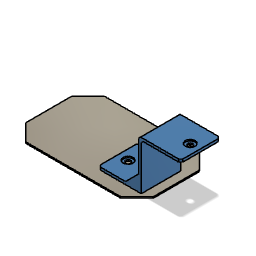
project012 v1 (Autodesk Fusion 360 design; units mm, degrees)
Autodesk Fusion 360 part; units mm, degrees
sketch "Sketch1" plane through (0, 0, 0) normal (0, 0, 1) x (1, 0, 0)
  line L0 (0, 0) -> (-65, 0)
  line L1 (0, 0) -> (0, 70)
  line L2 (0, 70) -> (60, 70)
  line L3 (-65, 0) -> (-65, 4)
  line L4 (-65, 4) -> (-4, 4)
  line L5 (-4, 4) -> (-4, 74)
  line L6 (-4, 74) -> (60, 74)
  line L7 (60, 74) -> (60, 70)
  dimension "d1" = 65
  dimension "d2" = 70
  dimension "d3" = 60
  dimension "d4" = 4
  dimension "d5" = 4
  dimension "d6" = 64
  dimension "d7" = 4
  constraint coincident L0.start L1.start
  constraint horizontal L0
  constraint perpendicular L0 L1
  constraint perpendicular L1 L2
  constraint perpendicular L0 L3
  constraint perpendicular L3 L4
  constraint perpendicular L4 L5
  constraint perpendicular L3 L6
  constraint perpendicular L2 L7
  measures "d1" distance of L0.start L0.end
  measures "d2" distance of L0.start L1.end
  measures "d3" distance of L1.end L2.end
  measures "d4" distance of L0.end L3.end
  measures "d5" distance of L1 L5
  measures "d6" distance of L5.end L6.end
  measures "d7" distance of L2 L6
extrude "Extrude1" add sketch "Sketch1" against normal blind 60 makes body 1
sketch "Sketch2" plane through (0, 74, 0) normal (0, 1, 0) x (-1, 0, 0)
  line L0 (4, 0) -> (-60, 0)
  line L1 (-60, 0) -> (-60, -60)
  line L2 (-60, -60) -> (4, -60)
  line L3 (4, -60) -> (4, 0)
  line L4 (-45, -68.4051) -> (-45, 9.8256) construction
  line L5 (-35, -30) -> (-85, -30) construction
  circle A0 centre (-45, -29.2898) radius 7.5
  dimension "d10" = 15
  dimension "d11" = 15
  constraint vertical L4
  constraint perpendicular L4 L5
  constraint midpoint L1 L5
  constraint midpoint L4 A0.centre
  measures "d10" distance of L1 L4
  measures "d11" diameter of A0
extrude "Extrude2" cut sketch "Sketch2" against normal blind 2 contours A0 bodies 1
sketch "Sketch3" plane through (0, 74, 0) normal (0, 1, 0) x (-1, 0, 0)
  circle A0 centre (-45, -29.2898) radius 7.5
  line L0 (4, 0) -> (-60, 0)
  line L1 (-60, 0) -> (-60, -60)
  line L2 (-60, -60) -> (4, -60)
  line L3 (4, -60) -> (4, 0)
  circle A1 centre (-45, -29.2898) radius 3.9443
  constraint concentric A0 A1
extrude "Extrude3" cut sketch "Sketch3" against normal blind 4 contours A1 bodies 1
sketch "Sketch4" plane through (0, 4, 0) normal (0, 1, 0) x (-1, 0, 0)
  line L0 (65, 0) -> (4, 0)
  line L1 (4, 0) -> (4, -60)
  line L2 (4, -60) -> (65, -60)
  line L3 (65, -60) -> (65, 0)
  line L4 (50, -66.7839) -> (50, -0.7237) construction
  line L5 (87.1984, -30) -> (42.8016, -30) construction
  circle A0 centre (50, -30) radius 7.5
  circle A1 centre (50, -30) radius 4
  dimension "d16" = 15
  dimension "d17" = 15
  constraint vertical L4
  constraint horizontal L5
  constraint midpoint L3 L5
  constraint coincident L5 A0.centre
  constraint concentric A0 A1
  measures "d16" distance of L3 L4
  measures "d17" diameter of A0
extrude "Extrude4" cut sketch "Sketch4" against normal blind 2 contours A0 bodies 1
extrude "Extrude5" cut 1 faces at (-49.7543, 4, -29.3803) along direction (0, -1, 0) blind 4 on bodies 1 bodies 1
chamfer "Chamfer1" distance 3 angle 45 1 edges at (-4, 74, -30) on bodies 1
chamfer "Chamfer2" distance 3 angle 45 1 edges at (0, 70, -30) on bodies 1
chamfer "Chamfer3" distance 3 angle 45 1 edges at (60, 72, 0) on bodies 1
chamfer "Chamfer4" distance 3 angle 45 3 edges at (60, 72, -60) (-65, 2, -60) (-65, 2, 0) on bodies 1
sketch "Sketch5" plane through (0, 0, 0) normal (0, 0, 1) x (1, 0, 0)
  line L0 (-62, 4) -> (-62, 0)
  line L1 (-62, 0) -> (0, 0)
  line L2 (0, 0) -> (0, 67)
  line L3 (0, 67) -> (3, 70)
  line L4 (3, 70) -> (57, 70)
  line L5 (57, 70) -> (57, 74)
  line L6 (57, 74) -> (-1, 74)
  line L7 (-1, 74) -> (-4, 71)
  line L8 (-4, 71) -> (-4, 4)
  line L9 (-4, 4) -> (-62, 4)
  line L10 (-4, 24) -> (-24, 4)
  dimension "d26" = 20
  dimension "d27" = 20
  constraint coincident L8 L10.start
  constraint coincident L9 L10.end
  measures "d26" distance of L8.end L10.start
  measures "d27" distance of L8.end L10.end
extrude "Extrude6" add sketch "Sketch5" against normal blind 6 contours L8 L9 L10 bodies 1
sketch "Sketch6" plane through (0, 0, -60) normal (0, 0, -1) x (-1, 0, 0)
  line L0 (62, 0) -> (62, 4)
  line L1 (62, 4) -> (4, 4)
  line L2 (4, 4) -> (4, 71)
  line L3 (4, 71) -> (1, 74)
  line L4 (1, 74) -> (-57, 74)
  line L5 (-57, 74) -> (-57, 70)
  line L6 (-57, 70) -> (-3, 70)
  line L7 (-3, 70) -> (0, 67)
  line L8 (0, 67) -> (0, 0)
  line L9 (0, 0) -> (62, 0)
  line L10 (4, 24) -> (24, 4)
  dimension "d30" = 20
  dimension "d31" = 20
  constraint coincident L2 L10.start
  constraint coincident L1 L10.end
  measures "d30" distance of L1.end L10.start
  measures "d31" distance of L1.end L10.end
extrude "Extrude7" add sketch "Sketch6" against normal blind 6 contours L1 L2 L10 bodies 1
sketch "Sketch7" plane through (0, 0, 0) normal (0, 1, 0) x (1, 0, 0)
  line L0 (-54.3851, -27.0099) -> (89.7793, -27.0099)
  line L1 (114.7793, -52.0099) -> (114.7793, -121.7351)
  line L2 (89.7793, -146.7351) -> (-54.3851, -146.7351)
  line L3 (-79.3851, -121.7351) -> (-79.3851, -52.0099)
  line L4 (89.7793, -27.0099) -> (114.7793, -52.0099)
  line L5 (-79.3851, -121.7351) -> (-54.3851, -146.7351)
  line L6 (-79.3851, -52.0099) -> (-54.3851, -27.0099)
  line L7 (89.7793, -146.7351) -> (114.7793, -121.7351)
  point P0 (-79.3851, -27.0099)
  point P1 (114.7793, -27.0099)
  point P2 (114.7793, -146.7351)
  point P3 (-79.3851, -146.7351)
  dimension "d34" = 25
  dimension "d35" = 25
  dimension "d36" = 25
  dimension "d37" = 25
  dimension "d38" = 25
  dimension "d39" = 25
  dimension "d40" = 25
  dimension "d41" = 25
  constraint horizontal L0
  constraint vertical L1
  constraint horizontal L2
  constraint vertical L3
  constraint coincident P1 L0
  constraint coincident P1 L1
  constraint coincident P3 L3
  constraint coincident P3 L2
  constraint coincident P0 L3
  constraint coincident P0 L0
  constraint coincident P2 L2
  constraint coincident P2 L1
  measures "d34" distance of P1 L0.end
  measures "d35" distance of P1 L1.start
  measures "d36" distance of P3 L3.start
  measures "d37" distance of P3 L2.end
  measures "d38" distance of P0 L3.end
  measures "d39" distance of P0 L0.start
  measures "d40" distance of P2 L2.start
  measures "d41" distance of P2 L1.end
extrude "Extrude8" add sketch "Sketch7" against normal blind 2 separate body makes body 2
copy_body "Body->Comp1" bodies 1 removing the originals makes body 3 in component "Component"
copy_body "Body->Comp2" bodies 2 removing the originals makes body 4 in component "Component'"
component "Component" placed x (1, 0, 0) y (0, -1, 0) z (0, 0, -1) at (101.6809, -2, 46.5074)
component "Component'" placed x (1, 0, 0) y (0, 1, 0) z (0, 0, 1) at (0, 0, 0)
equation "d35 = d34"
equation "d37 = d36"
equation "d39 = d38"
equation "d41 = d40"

•••••

Where does the string "degrees" appear in the records? Copy every line that holds it.

project012 v1 (Autodesk Fusion 360 design; units mm, degrees)
Autodesk Fusion 360 part; units mm, degrees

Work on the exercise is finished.